● **Data listing**
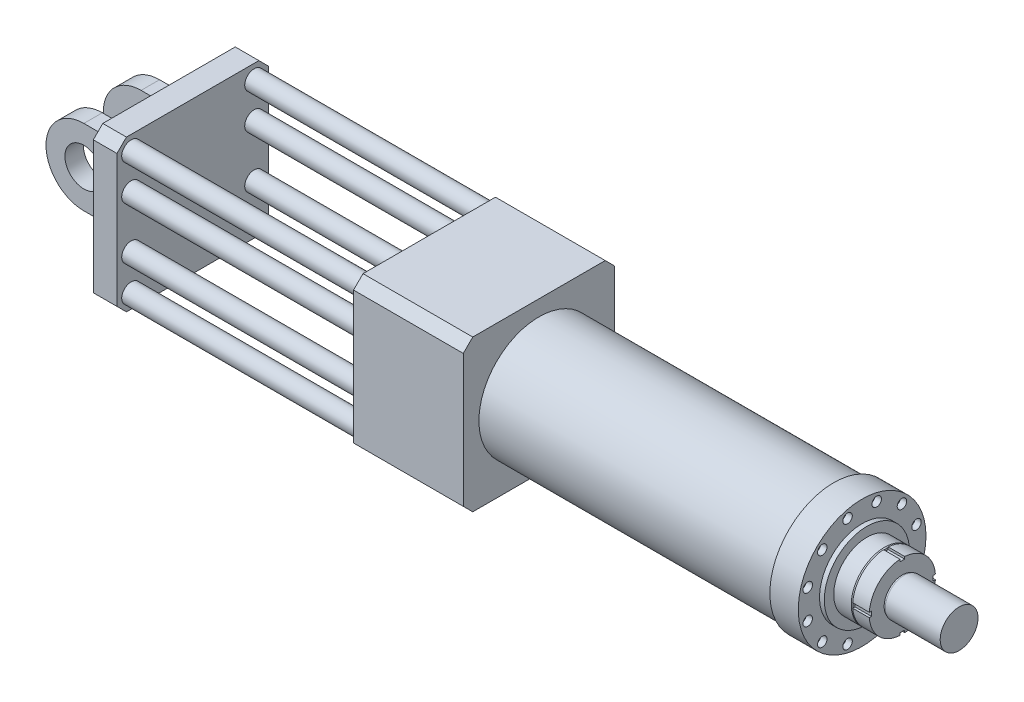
from build123d import *

# Parameters (mm, degrees)
SKETCH_1_R                = 127
SKETCH_1_R_2              = 110
EXTRUDE_1_DEPTH           = 623
SKETCH_2_R                = 135
SKETCH_2_R_2              = 6.5
EXTRUDE_2_DEPTH           = 60
SKETCH_3_R                = 90
EXTRUDE_3_DEPTH           = 10
SKETCH_5_R                = 70
EXTRUDE_4_DEPTH           = 40
CHAMFER_1_SIZE            = 3
CHAMFER_1_SIZE2           = 1.091910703
SKETCH_7_R                = 70
EXTRUDE_5_DEPTH           = 35
SKETCH_8_R                = 38.5
EXTRUDE_6_DEPTH           = 4
SKETCH_9_R                = 40
EXTRUDE_7_DEPTH           = 116
SKETCH_10_W               = 10
SKETCH_10_H               = 12.219318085
SKETCH_10_W_2             = 33.965202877
SKETCH_10_H_2             = 10
SKETCH_10_H_3             = 35.687535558
CUT_EXTRUDE_2_DEPTH       = 35
SKETCH_11_R               = 130
EXTRUDE_8_DEPTH           = 162
SKETCH_15_W               = 320
SKETCH_15_H               = 320
EXTRUDE_10_DEPTH          = 70
SKETCH_16_R               = 80
CUT_EXTRUDE_4_DEPTH       = 26
SKETCH_17_R               = 81.5
CUT_EXTRUDE_5_DEPTH       = 38
EXTRUDE_START             = 500
SKETCH_18_W               = 320
SKETCH_18_H               = 320
EXTRUDE_11_DEPTH          = 50
SKETCH_19_R               = 20
EXTRUDE_12_DEPTH          = 500
SKETCH_22_W               = 10
SKETCH_22_H               = 13
HOLE_WIZARD_1_AT_2_COUNT  = 2
HOLE_WIZARD_1_AT_2_PITCH  = 61.598932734
HOLE_WIZARD_1_AT_3_COUNT  = 2
HOLE_WIZARD_1_AT_3_PITCH  = 119
HOLE_WIZARD_1_AT_4_COUNT  = 2
HOLE_WIZARD_1_AT_4_PITCH  = 168.291413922
HOLE_WIZARD_1_AT_5_COUNT  = 2
HOLE_WIZARD_1_AT_5_PITCH  = 206.114046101
HOLE_WIZARD_1_AT_6_COUNT  = 2
HOLE_WIZARD_1_AT_6_PITCH  = 229.890346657
HOLE_WIZARD_1_AT_7_COUNT  = 2
HOLE_WIZARD_1_AT_7_PITCH  = 238
HOLE_WIZARD_1_AT_8_COUNT  = 2
HOLE_WIZARD_1_AT_8_PITCH  = 229.890346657
HOLE_WIZARD_1_AT_9_COUNT  = 2
HOLE_WIZARD_1_AT_9_PITCH  = 206.114046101
HOLE_WIZARD_1_AT_10_COUNT = 2
HOLE_WIZARD_1_AT_10_PITCH = 168.291413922
HOLE_WIZARD_1_AT_11_COUNT = 2
HOLE_WIZARD_1_AT_11_PITCH = 119
HOLE_WIZARD_1_AT_12_COUNT = 2
HOLE_WIZARD_1_AT_12_PITCH = 61.598932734
SKETCH_23_W               = 39
SKETCH_23_H               = 160
EXTRUDE_13_DEPTH          = 180
SKETCH_24_R               = 40
CUT_EXTRUDE_6_DEPTH       = 180
CHAMFER_2_SIZE            = 20
CHAMFER_3_SIZE            = 10
CHAMFER_4_SIZE            = 20
EXTRUDE_14_DEPTH          = 162


with BuildPart() as part:
    # Sketch 1 → Extrude 1 (new body)
    with BuildSketch(Plane(origin=(0, 0, 0), x_dir=(0, 0, -1), z_dir=(1, 0, 0))):
        Circle(SKETCH_1_R)
        Circle(SKETCH_1_R_2, mode=Mode.SUBTRACT)
    extrude(amount=EXTRUDE_1_DEPTH)



with BuildPart() as body_2:
    # Sketch 2 → Extrude 2 (new body)
    with BuildSketch(Plane(origin=(623, 0, 0), x_dir=(0, 0, -1), z_dir=(1, 0, 0))):
        Circle(SKETCH_2_R)
        with Locations((30.799466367, 114.945173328)):
            Circle(SKETCH_2_R_2, mode=Mode.SUBTRACT)
        with Locations((84.145706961, 84.145706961)):
            Circle(SKETCH_2_R_2, mode=Mode.SUBTRACT)
        with Locations((114.945173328, 30.799466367)):
            Circle(SKETCH_2_R_2, mode=Mode.SUBTRACT)
        with Locations((114.945173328, -30.799466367)):
            Circle(SKETCH_2_R_2, mode=Mode.SUBTRACT)
        with Locations((84.145706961, -84.145706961)):
            Circle(SKETCH_2_R_2, mode=Mode.SUBTRACT)
        with Locations((30.799466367, -114.945173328)):
            Circle(SKETCH_2_R_2, mode=Mode.SUBTRACT)
        with Locations((-30.799466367, -114.945173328)):
            Circle(SKETCH_2_R_2, mode=Mode.SUBTRACT)
        with Locations((-84.145706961, -84.145706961)):
            Circle(SKETCH_2_R_2, mode=Mode.SUBTRACT)
        with Locations((-114.945173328, -30.799466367)):
            Circle(SKETCH_2_R_2, mode=Mode.SUBTRACT)
        with Locations((-114.945173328, 30.799466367)):
            Circle(SKETCH_2_R_2, mode=Mode.SUBTRACT)
        with Locations((-84.145706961, 84.145706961)):
            Circle(SKETCH_2_R_2, mode=Mode.SUBTRACT)
        with Locations((-30.799466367, 114.945173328)):
            Circle(SKETCH_2_R_2, mode=Mode.SUBTRACT)
    extrude(amount=EXTRUDE_2_DEPTH)

    # Sketch 3 → Extrude 3 (add)
    with BuildSketch(Plane(origin=(683, 0, 0), x_dir=(0, 0, -1), z_dir=(1, 0, 0))):
        Circle(SKETCH_3_R)
    extrude(amount=EXTRUDE_3_DEPTH)

    # Sketch 5 → Extrude 4 (add)
    with BuildSketch(Plane(origin=(693, 0, 0), x_dir=(0, 0, -1), z_dir=(1, 0, 0))):
        Circle(SKETCH_5_R)
    extrude(amount=EXTRUDE_4_DEPTH)

    # Chamfer 1
    chamfer_1_edges = [body_2.edges().sort_by_distance(p)[0] for p in [
        (733, 0, 70),
    ]]
    chamfer_1_side = [body_2.faces().sort_by_distance(p)[0] for p in [
        (713, 0, 70),
    ]]
    chamfer(chamfer_1_edges, length=CHAMFER_1_SIZE, length2=CHAMFER_1_SIZE2, reference=chamfer_1_side[0])

    # Sketch 7 → Extrude 5 (add)
    with BuildSketch(Plane(origin=(733, 0, 0), x_dir=(0, 0, -1), z_dir=(1, 0, 0))):
        Circle(SKETCH_7_R)
    extrude(amount=EXTRUDE_5_DEPTH)

    # Sketch 8 → Extrude 6 (add)
    with BuildSketch(Plane(origin=(768, 0, 0), x_dir=(0, 0, -1), z_dir=(1, 0, 0))):
        Circle(SKETCH_8_R)
    extrude(amount=EXTRUDE_6_DEPTH)

    # Sketch 9 → Extrude 7 (add)
    with BuildSketch(Plane(origin=(772, 0, 0), x_dir=(0, 0, -1), z_dir=(1, 0, 0))):
        with Locations(Location((0, 0, 0), (0, 0, 180))):
            Circle(SKETCH_9_R)
    extrude(amount=EXTRUDE_7_DEPTH)

    # Sketch 10 → Cut-Extrude 2 (cut)
    with BuildSketch(Plane(origin=(768, 0, 0), x_dir=(0, 0, -1), z_dir=(1, 0, 0))):
        with Locations((0, -71.109659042)):
            Rectangle(SKETCH_10_W, SKETCH_10_H)
        Polygon((-76.465931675, 5), (-65, 5), (-65, -5), (-79.460488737, -5), align=None)
        with Locations((81.982601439, 0)):
            Rectangle(SKETCH_10_W_2, SKETCH_10_H_2)
        with Locations((0, 82.843767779)):
            Rectangle(SKETCH_10_W, SKETCH_10_H_3)
    extrude(amount=-CUT_EXTRUDE_2_DEPTH, mode=Mode.SUBTRACT)

    # Sketch 22 → Hole Wizard 1 (revolve, cut)
    with BuildSketch(Plane(origin=(683, 84.145706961, 84.145706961), x_dir=(0, 0, -1), z_dir=(0, 1, 0))):
        with Locations((5, 6.5)):
            Rectangle(SKETCH_22_W, SKETCH_22_H)
    hole_wizard_1 = revolve(axis=Axis((573, 84.145706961, 84.145706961), (1, 0, 0)), mode=Mode.SUBTRACT)

    # Hole Wizard 1 at 2: Hole Wizard 1 ×2
    with Locations(*[Vector(0, 0.5000000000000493, -0.8660254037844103) * (i * HOLE_WIZARD_1_AT_2_PITCH) for i in range(1, HOLE_WIZARD_1_AT_2_COUNT)]):
        add(hole_wizard_1, mode=Mode.SUBTRACT)

    # Hole Wizard 1 at 3: Hole Wizard 1 ×2
    with Locations(*[Vector(0, 0.2588190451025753, -0.9659258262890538) * (i * HOLE_WIZARD_1_AT_3_PITCH) for i in range(1, HOLE_WIZARD_1_AT_3_COUNT)]):
        add(hole_wizard_1, mode=Mode.SUBTRACT)

    # Hole Wizard 1 at 4: Hole Wizard 1 ×2
    with Locations(*[(0, 0, -i * HOLE_WIZARD_1_AT_4_PITCH) for i in range(1, HOLE_WIZARD_1_AT_4_COUNT)]):
        add(hole_wizard_1, mode=Mode.SUBTRACT)

    # Hole Wizard 1 at 5: Hole Wizard 1 ×2
    with Locations(*[Vector(0, -0.2588190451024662, -0.965925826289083) * (i * HOLE_WIZARD_1_AT_5_PITCH) for i in range(1, HOLE_WIZARD_1_AT_5_COUNT)]):
        add(hole_wizard_1, mode=Mode.SUBTRACT)

    # Hole Wizard 1 at 6: Hole Wizard 1 ×2
    with Locations(*[Vector(0, -0.49999999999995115, -0.8660254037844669) * (i * HOLE_WIZARD_1_AT_6_PITCH) for i in range(1, HOLE_WIZARD_1_AT_6_COUNT)]):
        add(hole_wizard_1, mode=Mode.SUBTRACT)

    # Hole Wizard 1 at 7: Hole Wizard 1 ×2
    with Locations(*[Vector(0, -0.7071067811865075, -0.7071067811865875) * (i * HOLE_WIZARD_1_AT_7_PITCH) for i in range(1, HOLE_WIZARD_1_AT_7_COUNT)]):
        add(hole_wizard_1, mode=Mode.SUBTRACT)

    # Hole Wizard 1 at 8: Hole Wizard 1 ×2
    with Locations(*[Vector(0, -0.8660254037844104, -0.5000000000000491) * (i * HOLE_WIZARD_1_AT_8_PITCH) for i in range(1, HOLE_WIZARD_1_AT_8_COUNT)]):
        add(hole_wizard_1, mode=Mode.SUBTRACT)

    # Hole Wizard 1 at 9: Hole Wizard 1 ×2
    with Locations(*[Vector(0, -0.9659258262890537, -0.2588190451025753) * (i * HOLE_WIZARD_1_AT_9_PITCH) for i in range(1, HOLE_WIZARD_1_AT_9_COUNT)]):
        add(hole_wizard_1, mode=Mode.SUBTRACT)

    # Hole Wizard 1 at 10: Hole Wizard 1 ×2
    with Locations(*[(0, -i * HOLE_WIZARD_1_AT_10_PITCH, 0) for i in range(1, HOLE_WIZARD_1_AT_10_COUNT)]):
        add(hole_wizard_1, mode=Mode.SUBTRACT)

    # Hole Wizard 1 at 11: Hole Wizard 1 ×2
    with Locations(*[Vector(0, -0.9659258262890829, 0.2588190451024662) * (i * HOLE_WIZARD_1_AT_11_PITCH) for i in range(1, HOLE_WIZARD_1_AT_11_COUNT)]):
        add(hole_wizard_1, mode=Mode.SUBTRACT)

    # Hole Wizard 1 at 12: Hole Wizard 1 ×2
    with Locations(*[Vector(0, -0.8660254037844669, 0.4999999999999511) * (i * HOLE_WIZARD_1_AT_12_PITCH) for i in range(1, HOLE_WIZARD_1_AT_12_COUNT)]):
        add(hole_wizard_1, mode=Mode.SUBTRACT)


with BuildPart() as body_3:
    # Sketch 11 → Extrude 8 (new body)
    with BuildSketch(Plane.ZY):
        Circle(SKETCH_11_R)
    extrude(amount=EXTRUDE_8_DEPTH)


with BuildPart() as body_4:
    # Sketch 15 → Extrude 10 (new body)
    with BuildSketch(Plane.ZY.offset(162)):
        Rectangle(SKETCH_15_W, SKETCH_15_H)
    extrude(amount=EXTRUDE_10_DEPTH)

    # Sketch 16 → Cut-Extrude 4 (cut)
    with BuildSketch(Plane.ZY.offset(232)):
        Circle(SKETCH_16_R)
    extrude(amount=-CUT_EXTRUDE_4_DEPTH, mode=Mode.SUBTRACT)

    # Sketch 17 → Cut-Extrude 5 (cut)
    with BuildSketch(Plane.ZY.offset(206)):
        Circle(SKETCH_17_R)
    extrude(amount=-CUT_EXTRUDE_5_DEPTH, mode=Mode.SUBTRACT)

    # Sketch 19 → Extrude 12 (add)
    with BuildSketch(Plane.ZY.offset(232)):
        with Locations((130, 130)):
            Circle(SKETCH_19_R)
        with Locations((130, -130)):
            Circle(SKETCH_19_R)
        with Locations(Location((-130, -130, 0), (0, 0, 180))):
            Circle(SKETCH_19_R)
        with Locations(Location((-130, 130, 0), (0, 0, 180))):
            Circle(SKETCH_19_R)
        with Locations((-130, 55)):
            Circle(SKETCH_19_R)
        with Locations((-130, -55)):
            Circle(SKETCH_19_R)
        with Locations((130, 55)):
            Circle(SKETCH_19_R)
        with Locations((130, -55)):
            Circle(SKETCH_19_R)
    extrude(amount=EXTRUDE_12_DEPTH)

    # Chamfer 2
    chamfer_2_edges = [body_4.edges().sort_by_distance(p)[0] for p in [
        (-197, -160, 160),
        (-197, -160, -160),
        (-197, 160, -160),
        (-197, 160, 160),
    ]]
    chamfer(chamfer_2_edges, length=CHAMFER_2_SIZE)


with BuildPart() as body_5:
    # Sketch 18 → Extrude 11 (new body)
    with BuildSketch(Plane.ZY.offset(232).offset(EXTRUDE_START)):
        Rectangle(SKETCH_18_W, SKETCH_18_H)
    extrude(amount=EXTRUDE_11_DEPTH)

    # Sketch 23 → Extrude 13 (add)
    with BuildSketch(Plane.ZY.offset(782)):
        with Locations((-60.5, 0)):
            Rectangle(SKETCH_23_W, SKETCH_23_H)
        with Locations((60.5, 0)):
            Rectangle(SKETCH_23_W, SKETCH_23_H)
    extrude(amount=EXTRUDE_13_DEPTH)

    # Sketch 24 → Cut-Extrude 6 (cut)
    with BuildSketch(Plane.XY.offset(80)):
        with Locations((-882, 0)):
            Circle(SKETCH_24_R)
        with BuildLine():
            Line((-882, 80), (-1066.45371507, 143.032965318))
            Line((-1066.45371507, 143.032965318), (-1039.599590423, -152.430180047))
            Line((-1039.599590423, -152.430180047), (-882, -80))
            ThreePointArc((-882, -80), (-962, 0), (-882, 80))
        make_face()
    extrude(amount=-CUT_EXTRUDE_6_DEPTH, mode=Mode.SUBTRACT)

    # Chamfer 3
    chamfer_3_edges = [body_5.edges().sort_by_distance(p)[0] for p in [
        (-782, 0, -41),
        (-782, 80, -60.5),
        (-782, 0, -80),
        (-782, -80, -60.5),
        (-782, 0, 80),
        (-782, 80, 60.5),
        (-782, 0, 41),
        (-782, -80, 60.5),
    ]]
    chamfer(chamfer_3_edges, length=CHAMFER_3_SIZE)

    # Chamfer 4
    chamfer_4_edges = [body_5.edges().sort_by_distance(p)[0] for p in [
        (-757, -160, 160),
        (-757, -160, -160),
        (-757, 160, -160),
        (-757, 160, 160),
    ]]
    chamfer(chamfer_4_edges, length=CHAMFER_4_SIZE)


with BuildPart() as part_1:
    add(part.part)

    add(body_3.part)  # Extrude 14 merges body 3

    add(body_4.part)  # Extrude 14 merges body 4
    # Sketch 25 → Extrude 14 (add)
    with BuildSketch(Plane(origin=(-162, 0, 0), x_dir=(0, 0, -1), z_dir=(1, 0, 0))):
        Polygon((160, 140), (140, 160), (-140, 160), (-160, 140), (-160, -140), (-140, -160), (140, -160), (160, -140), align=None)
    extrude(amount=EXTRUDE_14_DEPTH)


solid = Compound([body_2.part, body_5.part, part_1.part])

● **To do**
Transcribe, word for word, only the material from its opening line through the line containing "HOLE_WIZARD_1_AT_12_COUNT = 2", both ends included, and omit the pictures.

● **Output for this task**
from build123d import *

# Parameters (mm, degrees)
SKETCH_1_R                = 127
SKETCH_1_R_2              = 110
EXTRUDE_1_DEPTH           = 623
SKETCH_2_R                = 135
SKETCH_2_R_2              = 6.5
EXTRUDE_2_DEPTH           = 60
SKETCH_3_R                = 90
EXTRUDE_3_DEPTH           = 10
SKETCH_5_R                = 70
EXTRUDE_4_DEPTH           = 40
CHAMFER_1_SIZE            = 3
CHAMFER_1_SIZE2           = 1.091910703
SKETCH_7_R                = 70
EXTRUDE_5_DEPTH           = 35
SKETCH_8_R                = 38.5
EXTRUDE_6_DEPTH           = 4
SKETCH_9_R                = 40
EXTRUDE_7_DEPTH           = 116
SKETCH_10_W               = 10
SKETCH_10_H               = 12.219318085
SKETCH_10_W_2             = 33.965202877
SKETCH_10_H_2             = 10
SKETCH_10_H_3             = 35.687535558
CUT_EXTRUDE_2_DEPTH       = 35
SKETCH_11_R               = 130
EXTRUDE_8_DEPTH           = 162
SKETCH_15_W               = 320
SKETCH_15_H               = 320
EXTRUDE_10_DEPTH          = 70
SKETCH_16_R               = 80
CUT_EXTRUDE_4_DEPTH       = 26
SKETCH_17_R               = 81.5
CUT_EXTRUDE_5_DEPTH       = 38
EXTRUDE_START             = 500
SKETCH_18_W               = 320
SKETCH_18_H               = 320
EXTRUDE_11_DEPTH          = 50
SKETCH_19_R               = 20
EXTRUDE_12_DEPTH          = 500
SKETCH_22_W               = 10
SKETCH_22_H               = 13
HOLE_WIZARD_1_AT_2_COUNT  = 2
HOLE_WIZARD_1_AT_2_PITCH  = 61.598932734
HOLE_WIZARD_1_AT_3_COUNT  = 2
HOLE_WIZARD_1_AT_3_PITCH  = 119
HOLE_WIZARD_1_AT_4_COUNT  = 2
HOLE_WIZARD_1_AT_4_PITCH  = 168.291413922
HOLE_WIZARD_1_AT_5_COUNT  = 2
HOLE_WIZARD_1_AT_5_PITCH  = 206.114046101
HOLE_WIZARD_1_AT_6_COUNT  = 2
HOLE_WIZARD_1_AT_6_PITCH  = 229.890346657
HOLE_WIZARD_1_AT_7_COUNT  = 2
HOLE_WIZARD_1_AT_7_PITCH  = 238
HOLE_WIZARD_1_AT_8_COUNT  = 2
HOLE_WIZARD_1_AT_8_PITCH  = 229.890346657
HOLE_WIZARD_1_AT_9_COUNT  = 2
HOLE_WIZARD_1_AT_9_PITCH  = 206.114046101
HOLE_WIZARD_1_AT_10_COUNT = 2
HOLE_WIZARD_1_AT_10_PITCH = 168.291413922
HOLE_WIZARD_1_AT_11_COUNT = 2
HOLE_WIZARD_1_AT_11_PITCH = 119
HOLE_WIZARD_1_AT_12_COUNT = 2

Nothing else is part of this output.